* [Task prompt]
Set down exactly the lines in the records below that run from the line with "#34=DIRECTION('',(0.,0.,-1.));" to the line with "#94=PLANE('',#93);", inclusive, and nothing more.

* [Exercise input]
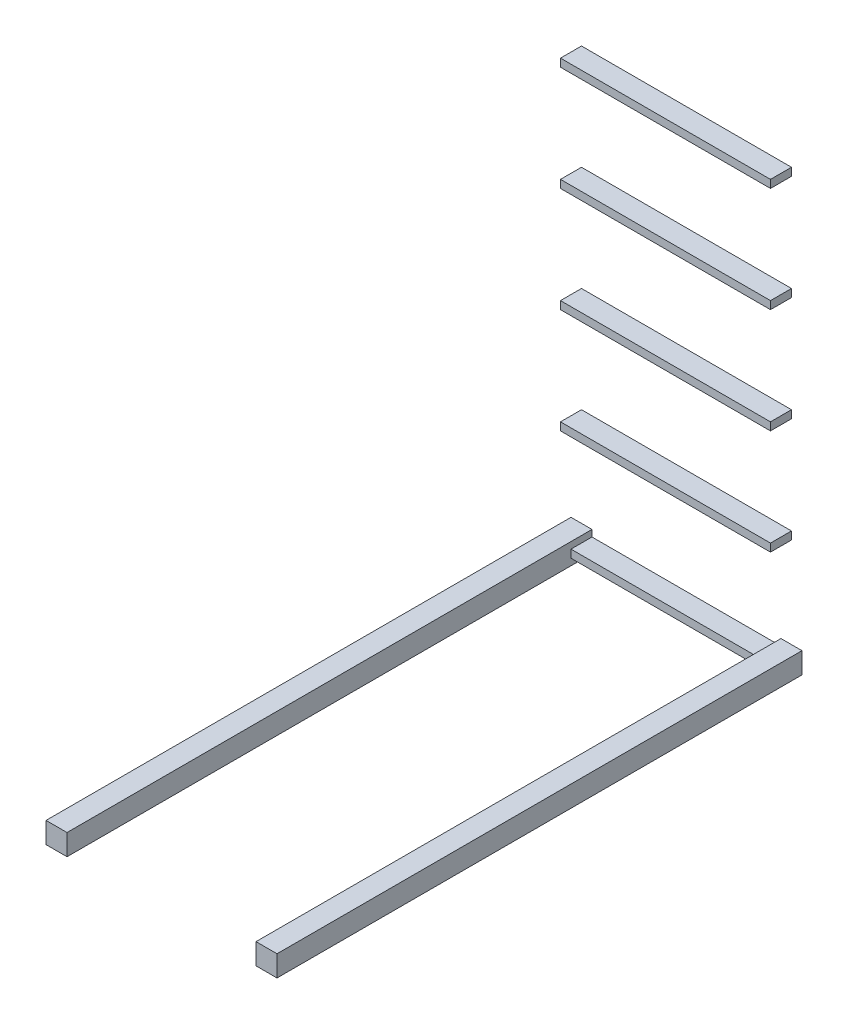
ISO-10303-21;
HEADER;
FILE_DESCRIPTION(('STEP AP214'),'2;1');
FILE_NAME('part.step','',(''),(''),'','','');
FILE_SCHEMA(('AUTOMOTIVE_DESIGN { 1 0 10303 214 1 1 1 1 }'));
ENDSEC;
DATA;
#1=APPLICATION_CONTEXT('core data for automotive mechanical design processes');
#2=APPLICATION_PROTOCOL_DEFINITION('international standard','automotive_design',2000,#1);
#3=PRODUCT_CONTEXT('',#1,'mechanical');
#4=PRODUCT('Part','Part','',(#3));
#5=PRODUCT_RELATED_PRODUCT_CATEGORY('part','',(#4));
#6=PRODUCT_DEFINITION_FORMATION('','',#4);
#7=PRODUCT_DEFINITION_CONTEXT('part definition',#1,'design');
#8=PRODUCT_DEFINITION('design','',#6,#7);
#9=PRODUCT_DEFINITION_SHAPE('','',#8);
#10=(LENGTH_UNIT() NAMED_UNIT(*) SI_UNIT(.MILLI.,.METRE.));
#11=(NAMED_UNIT(*) PLANE_ANGLE_UNIT() SI_UNIT($,.RADIAN.));
#12=(NAMED_UNIT(*) SI_UNIT($,.STERADIAN.) SOLID_ANGLE_UNIT());
#13=UNCERTAINTY_MEASURE_WITH_UNIT(LENGTH_MEASURE(1.E-05),#10,'distance_accuracy_value','');
#14=(GEOMETRIC_REPRESENTATION_CONTEXT(3) GLOBAL_UNCERTAINTY_ASSIGNED_CONTEXT((#13)) GLOBAL_UNIT_ASSIGNED_CONTEXT((#10,
#11,#12)) REPRESENTATION_CONTEXT('',''));
#15=CARTESIAN_POINT('',(0.,0.,0.));
#16=DIRECTION('',(0.,0.,1.));
#17=DIRECTION('',(1.,0.,0.));
#18=AXIS2_PLACEMENT_3D('',#15,#16,#17);
#19=CARTESIAN_POINT('',(400.,1585.,80.));
#20=DIRECTION('',(-1.,0.,0.));
#21=DIRECTION('',(0.,0.,1.));
#22=AXIS2_PLACEMENT_3D('',#19,#20,#21);
#23=PLANE('',#22);
#24=DIRECTION('',(0.,1.,0.));
#25=VECTOR('',#24,1.);
#26=CARTESIAN_POINT('',(400.,1585.,0.));
#27=LINE('',#26,#25);
#28=CARTESIAN_POINT('',(400.,1585.,0.));
#29=VERTEX_POINT('',#28);
#30=CARTESIAN_POINT('',(400.,1615.,0.));
#31=VERTEX_POINT('',#30);
#32=EDGE_CURVE('E115',#29,#31,#27,.T.);
#33=ORIENTED_EDGE('',*,*,#32,.T.);
#34=DIRECTION('',(0.,0.,-1.));
#35=VECTOR('',#34,1.);
#36=CARTESIAN_POINT('',(400.,1615.,80.));
#37=LINE('',#36,#35);
#38=CARTESIAN_POINT('',(400.,1615.,80.));
#39=VERTEX_POINT('',#38);
#40=EDGE_CURVE('E12',#39,#31,#37,.T.);
#41=ORIENTED_EDGE('',*,*,#40,.F.);
#42=DIRECTION('',(0.,1.,0.));
#43=VECTOR('',#42,1.);
#44=CARTESIAN_POINT('',(400.,1585.,80.));
#45=LINE('',#44,#43);
#46=CARTESIAN_POINT('',(400.,1585.,80.));
#47=VERTEX_POINT('',#46);
#48=EDGE_CURVE('E103',#47,#39,#45,.T.);
#49=ORIENTED_EDGE('',*,*,#48,.F.);
#50=DIRECTION('',(0.,0.,-1.));
#51=VECTOR('',#50,1.);
#52=CARTESIAN_POINT('',(400.,1585.,80.));
#53=LINE('',#52,#51);
#54=EDGE_CURVE('E111',#47,#29,#53,.T.);
#55=ORIENTED_EDGE('',*,*,#54,.T.);
#56=EDGE_LOOP('',(#33,#41,#49,#55));
#57=FACE_BOUND('',#56,.T.);
#58=ADVANCED_FACE('F52',(#57),#23,.F.);
#59=CARTESIAN_POINT('',(-400.,1615.,80.));
#60=DIRECTION('',(0.,-1.,0.));
#61=DIRECTION('',(0.,0.,-1.));
#62=AXIS2_PLACEMENT_3D('',#59,#60,#61);
#63=PLANE('',#62);
#64=DIRECTION('',(-1.,0.,0.));
#65=VECTOR('',#64,1.);
#66=CARTESIAN_POINT('',(-400.,1615.,0.));
#67=LINE('',#66,#65);
#68=CARTESIAN_POINT('',(-400.,1615.,0.));
#69=VERTEX_POINT('',#68);
#70=EDGE_CURVE('E107',#31,#69,#67,.T.);
#71=ORIENTED_EDGE('',*,*,#70,.T.);
#72=DIRECTION('',(0.,0.,-1.));
#73=VECTOR('',#72,1.);
#74=CARTESIAN_POINT('',(-400.,1615.,80.));
#75=LINE('',#74,#73);
#76=CARTESIAN_POINT('',(-400.,1615.,80.));
#77=VERTEX_POINT('',#76);
#78=EDGE_CURVE('E60',#77,#69,#75,.T.);
#79=ORIENTED_EDGE('',*,*,#78,.F.);
#80=DIRECTION('',(-1.,0.,0.));
#81=VECTOR('',#80,1.);
#82=CARTESIAN_POINT('',(-400.,1615.,80.));
#83=LINE('',#82,#81);
#84=EDGE_CURVE('E98',#39,#77,#83,.T.);
#85=ORIENTED_EDGE('',*,*,#84,.F.);
#86=ORIENTED_EDGE('',*,*,#40,.T.);
#87=EDGE_LOOP('',(#71,#79,#85,#86));
#88=FACE_BOUND('',#87,.T.);
#89=ADVANCED_FACE('F106',(#88),#63,.F.);
#90=CARTESIAN_POINT('',(-400.,1585.,80.));
#91=DIRECTION('',(1.,0.,0.));
#92=DIRECTION('',(0.,0.,-1.));
#93=AXIS2_PLACEMENT_3D('',#90,#91,#92);
#94=PLANE('',#93);
#95=DIRECTION('',(0.,-1.,0.));
#96=VECTOR('',#95,1.);
#97=CARTESIAN_POINT('',(-400.,1585.,0.));
#98=LINE('',#97,#96);
#99=CARTESIAN_POINT('',(-400.,1585.,0.));
#100=VERTEX_POINT('',#99);
#101=EDGE_CURVE('E85',#69,#100,#98,.T.);
#102=ORIENTED_EDGE('',*,*,#101,.T.);
#103=DIRECTION('',(0.,0.,-1.));
#104=VECTOR('',#103,1.);
#105=CARTESIAN_POINT('',(-400.,1585.,80.));
#106=LINE('',#105,#104);
#107=CARTESIAN_POINT('',(-400.,1585.,80.));
#108=VERTEX_POINT('',#107);
#109=EDGE_CURVE('E108',#108,#100,#106,.T.);
#110=ORIENTED_EDGE('',*,*,#109,.F.);
#111=DIRECTION('',(0.,-1.,0.));
#112=VECTOR('',#111,1.);
#113=CARTESIAN_POINT('',(-400.,1585.,80.));
#114=LINE('',#113,#112);
#115=EDGE_CURVE('E101',#77,#108,#114,.T.);
#116=ORIENTED_EDGE('',*,*,#115,.F.);
#117=ORIENTED_EDGE('',*,*,#78,.T.);
#118=EDGE_LOOP('',(#102,#110,#116,#117));
#119=FACE_BOUND('',#118,.T.);
#120=ADVANCED_FACE('F109',(#119),#94,.F.);
#121=CARTESIAN_POINT('',(-400.,1585.,80.));
#122=DIRECTION('',(0.,1.,0.));
#123=DIRECTION('',(0.,0.,1.));
#124=AXIS2_PLACEMENT_3D('',#121,#122,#123);
#125=PLANE('',#124);
#126=DIRECTION('',(1.,0.,0.));
#127=VECTOR('',#126,1.);
#128=CARTESIAN_POINT('',(-400.,1585.,0.));
#129=LINE('',#128,#127);
#130=EDGE_CURVE('E91',#100,#29,#129,.T.);
#131=ORIENTED_EDGE('',*,*,#130,.T.);
#132=ORIENTED_EDGE('',*,*,#54,.F.);
#133=DIRECTION('',(1.,0.,0.));
#134=VECTOR('',#133,1.);
#135=CARTESIAN_POINT('',(-400.,1585.,80.));
#136=LINE('',#135,#134);
#137=EDGE_CURVE('E68',#108,#47,#136,.T.);
#138=ORIENTED_EDGE('',*,*,#137,.F.);
#139=ORIENTED_EDGE('',*,*,#109,.T.);
#140=EDGE_LOOP('',(#131,#132,#138,#139));
#141=FACE_BOUND('',#140,.T.);
#142=ADVANCED_FACE('F122',(#141),#125,.F.);
#143=CARTESIAN_POINT('',(0.,0.,80.));
#144=DIRECTION('',(0.,0.,-1.));
#145=DIRECTION('',(-1.,0.,0.));
#146=AXIS2_PLACEMENT_3D('',#143,#144,#145);
#147=PLANE('',#146);
#148=ORIENTED_EDGE('',*,*,#48,.T.);
#149=ORIENTED_EDGE('',*,*,#84,.T.);
#150=ORIENTED_EDGE('',*,*,#115,.T.);
#151=ORIENTED_EDGE('',*,*,#137,.T.);
#152=EDGE_LOOP('',(#148,#149,#150,#151));
#153=FACE_BOUND('',#152,.T.);
#154=ADVANCED_FACE('F99',(#153),#147,.F.);
#155=CARTESIAN_POINT('',(0.,0.,0.));
#156=DIRECTION('',(0.,0.,-1.));
#157=DIRECTION('',(-1.,0.,0.));
#158=AXIS2_PLACEMENT_3D('',#155,#156,#157);
#159=PLANE('',#158);
#160=ORIENTED_EDGE('',*,*,#32,.F.);
#161=ORIENTED_EDGE('',*,*,#130,.F.);
#162=ORIENTED_EDGE('',*,*,#101,.F.);
#163=ORIENTED_EDGE('',*,*,#70,.F.);
#164=EDGE_LOOP('',(#160,#161,#162,#163));
#165=FACE_BOUND('',#164,.T.);
#166=ADVANCED_FACE('F125',(#165),#159,.T.);
#167=CLOSED_SHELL('',(#58,#89,#120,#142,#154,#166));
#168=MANIFOLD_SOLID_BREP('B2',#167);
#169=CARTESIAN_POINT('',(400.,1185.,80.));
#170=DIRECTION('',(-1.,0.,0.));
#171=DIRECTION('',(0.,0.,1.));
#172=AXIS2_PLACEMENT_3D('',#169,#170,#171);
#173=PLANE('',#172);
#174=DIRECTION('',(0.,1.,0.));
#175=VECTOR('',#174,1.);
#176=CARTESIAN_POINT('',(400.,1185.,0.));
#177=LINE('',#176,#175);
#178=CARTESIAN_POINT('',(400.,1185.,0.));
#179=VERTEX_POINT('',#178);
#180=CARTESIAN_POINT('',(400.,1215.,0.));
#181=VERTEX_POINT('',#180);
#182=EDGE_CURVE('E249',#179,#181,#177,.T.);
#183=ORIENTED_EDGE('',*,*,#182,.T.);
#184=DIRECTION('',(0.,0.,-1.));
#185=VECTOR('',#184,1.);
#186=CARTESIAN_POINT('',(400.,1215.,80.));
#187=LINE('',#186,#185);
#188=CARTESIAN_POINT('',(400.,1215.,80.));
#189=VERTEX_POINT('',#188);
#190=EDGE_CURVE('E50',#189,#181,#187,.T.);
#191=ORIENTED_EDGE('',*,*,#190,.F.);
#192=DIRECTION('',(0.,1.,0.));
#193=VECTOR('',#192,1.);
#194=CARTESIAN_POINT('',(400.,1185.,80.));
#195=LINE('',#194,#193);
#196=CARTESIAN_POINT('',(400.,1185.,80.));
#197=VERTEX_POINT('',#196);
#198=EDGE_CURVE('E237',#197,#189,#195,.T.);
#199=ORIENTED_EDGE('',*,*,#198,.F.);
#200=DIRECTION('',(0.,0.,-1.));
#201=VECTOR('',#200,1.);
#202=CARTESIAN_POINT('',(400.,1185.,80.));
#203=LINE('',#202,#201);
#204=EDGE_CURVE('E245',#197,#179,#203,.T.);
#205=ORIENTED_EDGE('',*,*,#204,.T.);
#206=EDGE_LOOP('',(#183,#191,#199,#205));
#207=FACE_BOUND('',#206,.T.);
#208=ADVANCED_FACE('F186',(#207),#173,.F.);
#209=CARTESIAN_POINT('',(-400.,1215.,80.));
#210=DIRECTION('',(0.,-1.,0.));
#211=DIRECTION('',(0.,0.,-1.));
#212=AXIS2_PLACEMENT_3D('',#209,#210,#211);
#213=PLANE('',#212);
#214=DIRECTION('',(-1.,0.,0.));
#215=VECTOR('',#214,1.);
#216=CARTESIAN_POINT('',(-400.,1215.,0.));
#217=LINE('',#216,#215);
#218=CARTESIAN_POINT('',(-400.,1215.,0.));
#219=VERTEX_POINT('',#218);
#220=EDGE_CURVE('E241',#181,#219,#217,.T.);
#221=ORIENTED_EDGE('',*,*,#220,.T.);
#222=DIRECTION('',(0.,0.,-1.));
#223=VECTOR('',#222,1.);
#224=CARTESIAN_POINT('',(-400.,1215.,80.));
#225=LINE('',#224,#223);
#226=CARTESIAN_POINT('',(-400.,1215.,80.));
#227=VERTEX_POINT('',#226);
#228=EDGE_CURVE('E194',#227,#219,#225,.T.);
#229=ORIENTED_EDGE('',*,*,#228,.F.);
#230=DIRECTION('',(-1.,0.,0.));
#231=VECTOR('',#230,1.);
#232=CARTESIAN_POINT('',(-400.,1215.,80.));
#233=LINE('',#232,#231);
#234=EDGE_CURVE('E232',#189,#227,#233,.T.);
#235=ORIENTED_EDGE('',*,*,#234,.F.);
#236=ORIENTED_EDGE('',*,*,#190,.T.);
#237=EDGE_LOOP('',(#221,#229,#235,#236));
#238=FACE_BOUND('',#237,.T.);
#239=ADVANCED_FACE('F240',(#238),#213,.F.);
#240=CARTESIAN_POINT('',(-400.,1185.,80.));
#241=DIRECTION('',(1.,0.,0.));
#242=DIRECTION('',(0.,0.,-1.));
#243=AXIS2_PLACEMENT_3D('',#240,#241,#242);
#244=PLANE('',#243);
#245=DIRECTION('',(0.,-1.,0.));
#246=VECTOR('',#245,1.);
#247=CARTESIAN_POINT('',(-400.,1185.,0.));
#248=LINE('',#247,#246);
#249=CARTESIAN_POINT('',(-400.,1185.,0.));
#250=VERTEX_POINT('',#249);
#251=EDGE_CURVE('E219',#219,#250,#248,.T.);
#252=ORIENTED_EDGE('',*,*,#251,.T.);
#253=DIRECTION('',(0.,0.,-1.));
#254=VECTOR('',#253,1.);
#255=CARTESIAN_POINT('',(-400.,1185.,80.));
#256=LINE('',#255,#254);
#257=CARTESIAN_POINT('',(-400.,1185.,80.));
#258=VERTEX_POINT('',#257);
#259=EDGE_CURVE('E242',#258,#250,#256,.T.);
#260=ORIENTED_EDGE('',*,*,#259,.F.);
#261=DIRECTION('',(0.,-1.,0.));
#262=VECTOR('',#261,1.);
#263=CARTESIAN_POINT('',(-400.,1185.,80.));
#264=LINE('',#263,#262);
#265=EDGE_CURVE('E235',#227,#258,#264,.T.);
#266=ORIENTED_EDGE('',*,*,#265,.F.);
#267=ORIENTED_EDGE('',*,*,#228,.T.);
#268=EDGE_LOOP('',(#252,#260,#266,#267));
#269=FACE_BOUND('',#268,.T.);
#270=ADVANCED_FACE('F243',(#269),#244,.F.);
#271=CARTESIAN_POINT('',(-400.,1185.,80.));
#272=DIRECTION('',(0.,1.,0.));
#273=DIRECTION('',(0.,0.,1.));
#274=AXIS2_PLACEMENT_3D('',#271,#272,#273);
#275=PLANE('',#274);
#276=DIRECTION('',(1.,0.,0.));
#277=VECTOR('',#276,1.);
#278=CARTESIAN_POINT('',(-400.,1185.,0.));
#279=LINE('',#278,#277);
#280=EDGE_CURVE('E225',#250,#179,#279,.T.);
#281=ORIENTED_EDGE('',*,*,#280,.T.);
#282=ORIENTED_EDGE('',*,*,#204,.F.);
#283=DIRECTION('',(1.,0.,0.));
#284=VECTOR('',#283,1.);
#285=CARTESIAN_POINT('',(-400.,1185.,80.));
#286=LINE('',#285,#284);
#287=EDGE_CURVE('E202',#258,#197,#286,.T.);
#288=ORIENTED_EDGE('',*,*,#287,.F.);
#289=ORIENTED_EDGE('',*,*,#259,.T.);
#290=EDGE_LOOP('',(#281,#282,#288,#289));
#291=FACE_BOUND('',#290,.T.);
#292=ADVANCED_FACE('F256',(#291),#275,.F.);
#293=CARTESIAN_POINT('',(0.,0.,80.));
#294=DIRECTION('',(0.,0.,-1.));
#295=DIRECTION('',(-1.,0.,0.));
#296=AXIS2_PLACEMENT_3D('',#293,#294,#295);
#297=PLANE('',#296);
#298=ORIENTED_EDGE('',*,*,#198,.T.);
#299=ORIENTED_EDGE('',*,*,#234,.T.);
#300=ORIENTED_EDGE('',*,*,#265,.T.);
#301=ORIENTED_EDGE('',*,*,#287,.T.);
#302=EDGE_LOOP('',(#298,#299,#300,#301));
#303=FACE_BOUND('',#302,.T.);
#304=ADVANCED_FACE('F233',(#303),#297,.F.);
#305=CARTESIAN_POINT('',(0.,0.,0.));
#306=DIRECTION('',(0.,0.,-1.));
#307=DIRECTION('',(-1.,0.,0.));
#308=AXIS2_PLACEMENT_3D('',#305,#306,#307);
#309=PLANE('',#308);
#310=ORIENTED_EDGE('',*,*,#182,.F.);
#311=ORIENTED_EDGE('',*,*,#280,.F.);
#312=ORIENTED_EDGE('',*,*,#251,.F.);
#313=ORIENTED_EDGE('',*,*,#220,.F.);
#314=EDGE_LOOP('',(#310,#311,#312,#313));
#315=FACE_BOUND('',#314,.T.);
#316=ADVANCED_FACE('F259',(#315),#309,.T.);
#317=CLOSED_SHELL('',(#208,#239,#270,#292,#304,#316));
#318=MANIFOLD_SOLID_BREP('B6',#317);
#319=CARTESIAN_POINT('',(400.,785.,80.));
#320=DIRECTION('',(-1.,0.,0.));
#321=DIRECTION('',(0.,0.,1.));
#322=AXIS2_PLACEMENT_3D('',#319,#320,#321);
#323=PLANE('',#322);
#324=DIRECTION('',(0.,1.,0.));
#325=VECTOR('',#324,1.);
#326=CARTESIAN_POINT('',(400.,785.,0.));
#327=LINE('',#326,#325);
#328=CARTESIAN_POINT('',(400.,785.,0.));
#329=VERTEX_POINT('',#328);
#330=CARTESIAN_POINT('',(400.,815.,0.));
#331=VERTEX_POINT('',#330);
#332=EDGE_CURVE('E383',#329,#331,#327,.T.);
#333=ORIENTED_EDGE('',*,*,#332,.T.);
#334=DIRECTION('',(0.,0.,-1.));
#335=VECTOR('',#334,1.);
#336=CARTESIAN_POINT('',(400.,815.,80.));
#337=LINE('',#336,#335);
#338=CARTESIAN_POINT('',(400.,815.,80.));
#339=VERTEX_POINT('',#338);
#340=EDGE_CURVE('E184',#339,#331,#337,.T.);
#341=ORIENTED_EDGE('',*,*,#340,.F.);
#342=DIRECTION('',(0.,1.,0.));
#343=VECTOR('',#342,1.);
#344=CARTESIAN_POINT('',(400.,785.,80.));
#345=LINE('',#344,#343);
#346=CARTESIAN_POINT('',(400.,785.,80.));
#347=VERTEX_POINT('',#346);
#348=EDGE_CURVE('E371',#347,#339,#345,.T.);
#349=ORIENTED_EDGE('',*,*,#348,.F.);
#350=DIRECTION('',(0.,0.,-1.));
#351=VECTOR('',#350,1.);
#352=CARTESIAN_POINT('',(400.,785.,80.));
#353=LINE('',#352,#351);
#354=EDGE_CURVE('E379',#347,#329,#353,.T.);
#355=ORIENTED_EDGE('',*,*,#354,.T.);
#356=EDGE_LOOP('',(#333,#341,#349,#355));
#357=FACE_BOUND('',#356,.T.);
#358=ADVANCED_FACE('F320',(#357),#323,.F.);
#359=CARTESIAN_POINT('',(-400.,815.,80.));
#360=DIRECTION('',(0.,-1.,0.));
#361=DIRECTION('',(0.,0.,-1.));
#362=AXIS2_PLACEMENT_3D('',#359,#360,#361);
#363=PLANE('',#362);
#364=DIRECTION('',(-1.,0.,0.));
#365=VECTOR('',#364,1.);
#366=CARTESIAN_POINT('',(-400.,815.,0.));
#367=LINE('',#366,#365);
#368=CARTESIAN_POINT('',(-400.,815.,0.));
#369=VERTEX_POINT('',#368);
#370=EDGE_CURVE('E375',#331,#369,#367,.T.);
#371=ORIENTED_EDGE('',*,*,#370,.T.);
#372=DIRECTION('',(0.,0.,-1.));
#373=VECTOR('',#372,1.);
#374=CARTESIAN_POINT('',(-400.,815.,80.));
#375=LINE('',#374,#373);
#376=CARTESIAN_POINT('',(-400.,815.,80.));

* [Task answer]
#34=DIRECTION('',(0.,0.,-1.));
#35=VECTOR('',#34,1.);
#36=CARTESIAN_POINT('',(400.,1615.,80.));
#37=LINE('',#36,#35);
#38=CARTESIAN_POINT('',(400.,1615.,80.));
#39=VERTEX_POINT('',#38);
#40=EDGE_CURVE('E12',#39,#31,#37,.T.);
#41=ORIENTED_EDGE('',*,*,#40,.F.);
#42=DIRECTION('',(0.,1.,0.));
#43=VECTOR('',#42,1.);
#44=CARTESIAN_POINT('',(400.,1585.,80.));
#45=LINE('',#44,#43);
#46=CARTESIAN_POINT('',(400.,1585.,80.));
#47=VERTEX_POINT('',#46);
#48=EDGE_CURVE('E103',#47,#39,#45,.T.);
#49=ORIENTED_EDGE('',*,*,#48,.F.);
#50=DIRECTION('',(0.,0.,-1.));
#51=VECTOR('',#50,1.);
#52=CARTESIAN_POINT('',(400.,1585.,80.));
#53=LINE('',#52,#51);
#54=EDGE_CURVE('E111',#47,#29,#53,.T.);
#55=ORIENTED_EDGE('',*,*,#54,.T.);
#56=EDGE_LOOP('',(#33,#41,#49,#55));
#57=FACE_BOUND('',#56,.T.);
#58=ADVANCED_FACE('F52',(#57),#23,.F.);
#59=CARTESIAN_POINT('',(-400.,1615.,80.));
#60=DIRECTION('',(0.,-1.,0.));
#61=DIRECTION('',(0.,0.,-1.));
#62=AXIS2_PLACEMENT_3D('',#59,#60,#61);
#63=PLANE('',#62);
#64=DIRECTION('',(-1.,0.,0.));
#65=VECTOR('',#64,1.);
#66=CARTESIAN_POINT('',(-400.,1615.,0.));
#67=LINE('',#66,#65);
#68=CARTESIAN_POINT('',(-400.,1615.,0.));
#69=VERTEX_POINT('',#68);
#70=EDGE_CURVE('E107',#31,#69,#67,.T.);
#71=ORIENTED_EDGE('',*,*,#70,.T.);
#72=DIRECTION('',(0.,0.,-1.));
#73=VECTOR('',#72,1.);
#74=CARTESIAN_POINT('',(-400.,1615.,80.));
#75=LINE('',#74,#73);
#76=CARTESIAN_POINT('',(-400.,1615.,80.));
#77=VERTEX_POINT('',#76);
#78=EDGE_CURVE('E60',#77,#69,#75,.T.);
#79=ORIENTED_EDGE('',*,*,#78,.F.);
#80=DIRECTION('',(-1.,0.,0.));
#81=VECTOR('',#80,1.);
#82=CARTESIAN_POINT('',(-400.,1615.,80.));
#83=LINE('',#82,#81);
#84=EDGE_CURVE('E98',#39,#77,#83,.T.);
#85=ORIENTED_EDGE('',*,*,#84,.F.);
#86=ORIENTED_EDGE('',*,*,#40,.T.);
#87=EDGE_LOOP('',(#71,#79,#85,#86));
#88=FACE_BOUND('',#87,.T.);
#89=ADVANCED_FACE('F106',(#88),#63,.F.);
#90=CARTESIAN_POINT('',(-400.,1585.,80.));
#91=DIRECTION('',(1.,0.,0.));
#92=DIRECTION('',(0.,0.,-1.));
#93=AXIS2_PLACEMENT_3D('',#90,#91,#92);
#94=PLANE('',#93);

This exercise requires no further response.